# iPhone 7 vers iPhone XS ou iPhone 11



## Ashram_ (26 Février 2020)

Bonjour,

Suite à un gros problème de drain de batterie sur mon iPhone 7, j'envisage de laisser une dernière chance à Apple (mon envie initiale était un switch Android, mais bon une maj foireuse ça peut aussi arriver chez le robot vert...).

Néanmoins, je ne souhaite plus mettre 1000€ dans un smartphone bien que j'en ai les moyens.

A chaque fois avec Apple, c'est la batterie qui lâche en premier (même si officiellement elles sont toujours à 92% et donc non changeables en Apple Store).

Le choix qui s'offre à moi est un XS qui est passé à 700€ sur Amazon ou un 11 à 809.

J'avoue que l'écran OLED et la compacité du XS me plaisent beaucoup, quant au 11 c'est la partie photo et batterie.

Ma question est donc: est-ce que le gap de batterie entre le XS et le 11 est si important que ça? Sachant que la partie photo j'y suis moins sensible.

Par ailleurs le 11 reste difficile à trouver dans la couleur et capacité qui me plaisent.

J'attends donc les avis éclairés des possesseurs de ces 2 smartphones merci


----------



## Ipod-tow (1 Mars 2020)

J’ai des iPhones depuis le 4 et je suis impressionné des personnes qui rencontrent des difficultés sur les batteries car pour ma part ça n’a jamais été le cas sauf après 2 3ans ou l’on sent un peu la fatigue. Mais c’est très acceptable à mon sens . Mais encore que pour 55€ on remplace chez Apple et ça repart. 
bref j’ai un iPhone XS actuellement je débranche à 7h30 je rebranche a 23h minuit je suis entre 50 et 40%. Je suis pas un intensif mais tout de même 3h d’appli jeux réseau sociaux et 2h d’appel par jour. Le 11 je ne sais pas mais l’oled c’est quand même bien sympa. La seule réflection serait le processeur éventuellement A13 si je n’abuse sur le 11.

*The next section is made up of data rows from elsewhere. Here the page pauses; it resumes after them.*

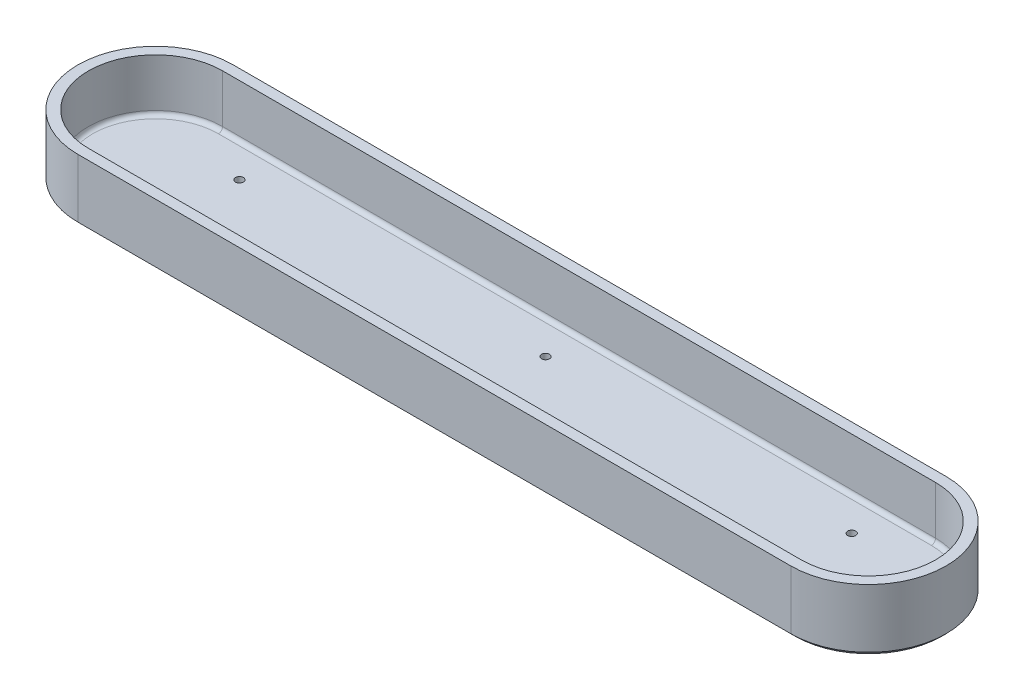
SolidWorks part; units mm, degrees
ref_plane "Front Plane" through (0, 0, 0) normal (0, 0, 1) x (1, 0, 0)
ref_plane "Top Plane" through (0, 0, 0) normal (0, 1, 0) x (1, 0, 0)
ref_plane "Right Plane" through (0, 0, 0) normal (1, 0, 0) x (0, 0, -1)
sketch "Sketch1" plane through (0, 0, 0) normal (0, 1, 0) x (1, 0, 0)
  line L0 (-107.95, 0) -> (107.95, 0) construction
  line L1 (0, -55.9739) -> (0, 55.9739) construction
  line L2 (-107.95, 20.32) -> (107.95, 20.32)
  line L3 (-107.95, -20.32) -> (107.95, -20.32)
  arc A0 (-107.95, 20.32) -> (-107.95, -20.32) centre (-107.95, 0) ccw
  arc A1 (107.95, 20.32) -> (107.95, -20.32) centre (107.95, 0) cw
  point P4 (0, 0)
  point P10 (0, 0)
  dimension "D2" = 40.64
  dimension "D1" = 215.9
extrude "MainBlock" add sketch "Sketch1" along normal blind 3.175
sketch "Sketch2" plane through (0, 0, 0) normal (0, -1, 0) x (1, 0, 0)
  line L0 (0, 0) -> (0, 50000) construction
  line L1 (-107.95, 23.495) -> (107.95, 23.495)
  line L2 (-107.95, -20.32) -> (107.95, -20.32)
  line L3 (107.95, 20.32) -> (-107.95, 20.32)
  line L5 (107.95, 20.32) -> (-107.95, 20.32)
  line L6 (-95.25, 0) -> (49904.75, 0) construction
  line L7 (107.95, -20.32) -> (-107.95, -20.32)
  line L8 (-107.95, -23.495) -> (107.95, -23.495)
  arc A0 (-107.95, 23.495) -> (-107.95, -23.495) centre (-107.95, 0) ccw
  arc A1 (107.95, 20.32) -> (107.95, -20.32) centre (107.95, 0) cw
  arc A2 (-107.95, 20.32) -> (-107.95, -20.32) centre (-107.95, 0) ccw
  arc A3 (107.95, -20.32) -> (107.95, 20.32) centre (107.95, 0) ccw
  arc A4 (-107.95, 20.32) -> (-107.95, -20.32) centre (-107.95, 0) ccw
  arc A6 (107.95, 23.495) -> (107.95, -23.495) centre (107.95, 0) cw
  point P0 (0, 20.32)
  point P15 (0, 23.495)
  point P16 (0, -20.32)
  point P19 (0, -23.495)
  dimension "2.1" = 46.99
  dimension "D1" = 0
extrude "Boss-Extrude1" add sketch "Sketch2" against normal blind 19.05
sketch "Sketch3" plane through (0, 0, 0) normal (0, -1, 0) x (1, 0, 0)
  line L0 (0, 0) -> (50000, 0) construction
  line L1 (0, 0) -> (0, 50000) construction
  line L2 (-107.95, 0.9216) -> (-107.95, 50000.9216) construction
  arc A0 (-107.95, 23.495) -> (-107.95, -23.495) centre (-107.95, 0) ccw construction
  arc A1 (-107.95, 23.495) -> (-107.95, -23.495) centre (-107.95, 0) ccw construction
  circle A2 centre (0, 10.16) radius 1.2065
  circle A3 centre (-92.71, 10.16) radius 1.2065
  circle A4 centre (92.71, 10.16) radius 1.2065
  circle A5 centre (92.71, -10.16) radius 1.2065
  circle A6 centre (-92.71, -10.16) radius 1.2065
  circle A7 centre (0, -10.16) radius 1.2065
  dimension "D1" = 2.413
  dimension "D4" = 2.413
  dimension "D2" = 10.16
  dimension "D3" = 10.16
  dimension "D5" = 15.24
extrude "Cut-Extrude1" cut sketch "Sketch3" against normal through all
fillet "Fillet1" radius 1.27 4 edges at (128.27, 3.175, 0) (0, 3.175, 20.32) (-128.27, 3.175, 0) (0, 3.175, -20.32)
chamfer "Chamfer1" distance 1.27 angle 45 4 edges at (0, 0, 23.495) (-131.445, 0, 0) (131.445, 0, 0) (0, 0, -23.495)
equation "\"D4@Sketch3\"=\"D1@Sketch3\""

perso le XS en a largement pour des années et serait potentiellement moins cher vue que plus ancien.


----------



## Macounette (12 Mars 2020)

À choisir je prendrais le XS. J'ai un X que je trouve parfait (malgré sa batterie à 86% car il va sur ses 3 ans, je tiens sans problème la journée), tant pour son form factor que pour son écran. Cet écran OLED est tout simplement magnifique.


----------



## Membre supprimé 1129907 (13 Mars 2020)

Si tu cherche toujours des avis depuis le 1er mars, en voici un autre.

J'ai un Xs depuis sa sortie, la batterie tient toujours la journée en utilisation normale : pas de jeu, internet, whatsapp, twitter, igen
Pour quasi 3h : un peu moins de 70% de batterie utilisée.
Le 11 n'apporte pas grand chose par rapport au Xs : surtout la taille de l'écran (qui peu gêner certain, je préfère celle du Xs) et la partie photo.

Donc je pencherais pour le Xs à ta place


----------



## Jura39 (13 Mars 2020)

Sans hésitation le 11


----------



## Sly54 (13 Mars 2020)

Macounette a dit:


> À choisir je prendrais le XS.





ecatomb a dit:


> Donc je pencherais pour le Xs à ta place





Jura39 a dit:


> Sans hésitation le 11


ahah, pauvre *Ashram_*


----------



## Deleted member 18124 (18 Mars 2020)

Mon neveu et ma nièce qui avaient des iPhone 6S à la batterie défaillante sont tous les 2 passés à l’iPhone 11.


----------